» **The problem**
What lines in the records below hold the string "STEP"? Please show them.

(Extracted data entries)
---*---

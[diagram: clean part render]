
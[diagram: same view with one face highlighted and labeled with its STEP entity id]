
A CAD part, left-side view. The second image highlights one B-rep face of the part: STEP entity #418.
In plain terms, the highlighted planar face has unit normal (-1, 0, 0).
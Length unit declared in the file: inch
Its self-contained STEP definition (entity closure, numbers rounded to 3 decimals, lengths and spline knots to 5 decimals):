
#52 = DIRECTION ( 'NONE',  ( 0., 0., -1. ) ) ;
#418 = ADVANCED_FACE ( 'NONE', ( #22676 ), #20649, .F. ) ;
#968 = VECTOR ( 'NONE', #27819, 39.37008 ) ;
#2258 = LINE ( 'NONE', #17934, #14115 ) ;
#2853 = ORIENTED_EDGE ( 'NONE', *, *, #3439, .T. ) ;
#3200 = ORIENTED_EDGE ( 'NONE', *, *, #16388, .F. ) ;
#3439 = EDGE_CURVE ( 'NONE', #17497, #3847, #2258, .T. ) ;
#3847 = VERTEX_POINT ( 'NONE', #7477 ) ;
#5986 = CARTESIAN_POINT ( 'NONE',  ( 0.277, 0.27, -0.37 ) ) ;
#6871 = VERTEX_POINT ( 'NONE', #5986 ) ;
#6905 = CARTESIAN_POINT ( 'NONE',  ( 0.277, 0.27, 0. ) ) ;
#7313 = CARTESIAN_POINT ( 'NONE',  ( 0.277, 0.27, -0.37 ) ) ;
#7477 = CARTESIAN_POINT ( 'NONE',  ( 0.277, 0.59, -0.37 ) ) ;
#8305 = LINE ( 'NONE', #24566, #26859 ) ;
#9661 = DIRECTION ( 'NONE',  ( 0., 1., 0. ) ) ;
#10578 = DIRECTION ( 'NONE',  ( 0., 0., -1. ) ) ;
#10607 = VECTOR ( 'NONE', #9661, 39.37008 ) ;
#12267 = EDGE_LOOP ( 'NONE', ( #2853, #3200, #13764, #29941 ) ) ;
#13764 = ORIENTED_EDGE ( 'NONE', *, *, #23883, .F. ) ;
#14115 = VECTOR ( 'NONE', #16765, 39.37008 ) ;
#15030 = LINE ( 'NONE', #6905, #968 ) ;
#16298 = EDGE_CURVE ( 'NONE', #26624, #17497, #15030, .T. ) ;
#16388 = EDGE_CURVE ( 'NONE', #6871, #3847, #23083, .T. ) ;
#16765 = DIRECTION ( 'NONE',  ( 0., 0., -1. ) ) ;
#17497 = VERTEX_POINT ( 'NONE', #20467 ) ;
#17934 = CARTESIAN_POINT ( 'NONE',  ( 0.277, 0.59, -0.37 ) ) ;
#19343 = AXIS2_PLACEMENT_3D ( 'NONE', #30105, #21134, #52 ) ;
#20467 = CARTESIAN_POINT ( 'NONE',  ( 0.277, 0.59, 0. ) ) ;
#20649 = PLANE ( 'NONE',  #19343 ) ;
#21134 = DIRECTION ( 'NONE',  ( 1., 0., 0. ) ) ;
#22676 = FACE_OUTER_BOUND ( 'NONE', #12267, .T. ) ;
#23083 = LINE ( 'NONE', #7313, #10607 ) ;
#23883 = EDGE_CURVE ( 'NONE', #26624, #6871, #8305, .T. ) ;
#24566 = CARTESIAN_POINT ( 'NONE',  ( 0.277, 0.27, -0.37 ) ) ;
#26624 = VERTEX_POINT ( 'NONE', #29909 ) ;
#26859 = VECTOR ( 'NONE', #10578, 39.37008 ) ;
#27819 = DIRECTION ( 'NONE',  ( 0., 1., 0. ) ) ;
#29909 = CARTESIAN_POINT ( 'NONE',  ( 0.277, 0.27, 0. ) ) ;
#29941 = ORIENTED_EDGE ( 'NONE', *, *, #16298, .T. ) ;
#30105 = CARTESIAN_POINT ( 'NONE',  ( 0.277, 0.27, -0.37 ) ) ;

---*---

» **Answer box**
[diagram: same view with one face highlighted and labeled with its STEP entity id]
A CAD part, left-side view. The second image highlights one B-rep face of the part: STEP entity #418.
Its self-contained STEP definition (entity closure, numbers rounded to 3 decimals, lengths and spline knots to 5 decimals):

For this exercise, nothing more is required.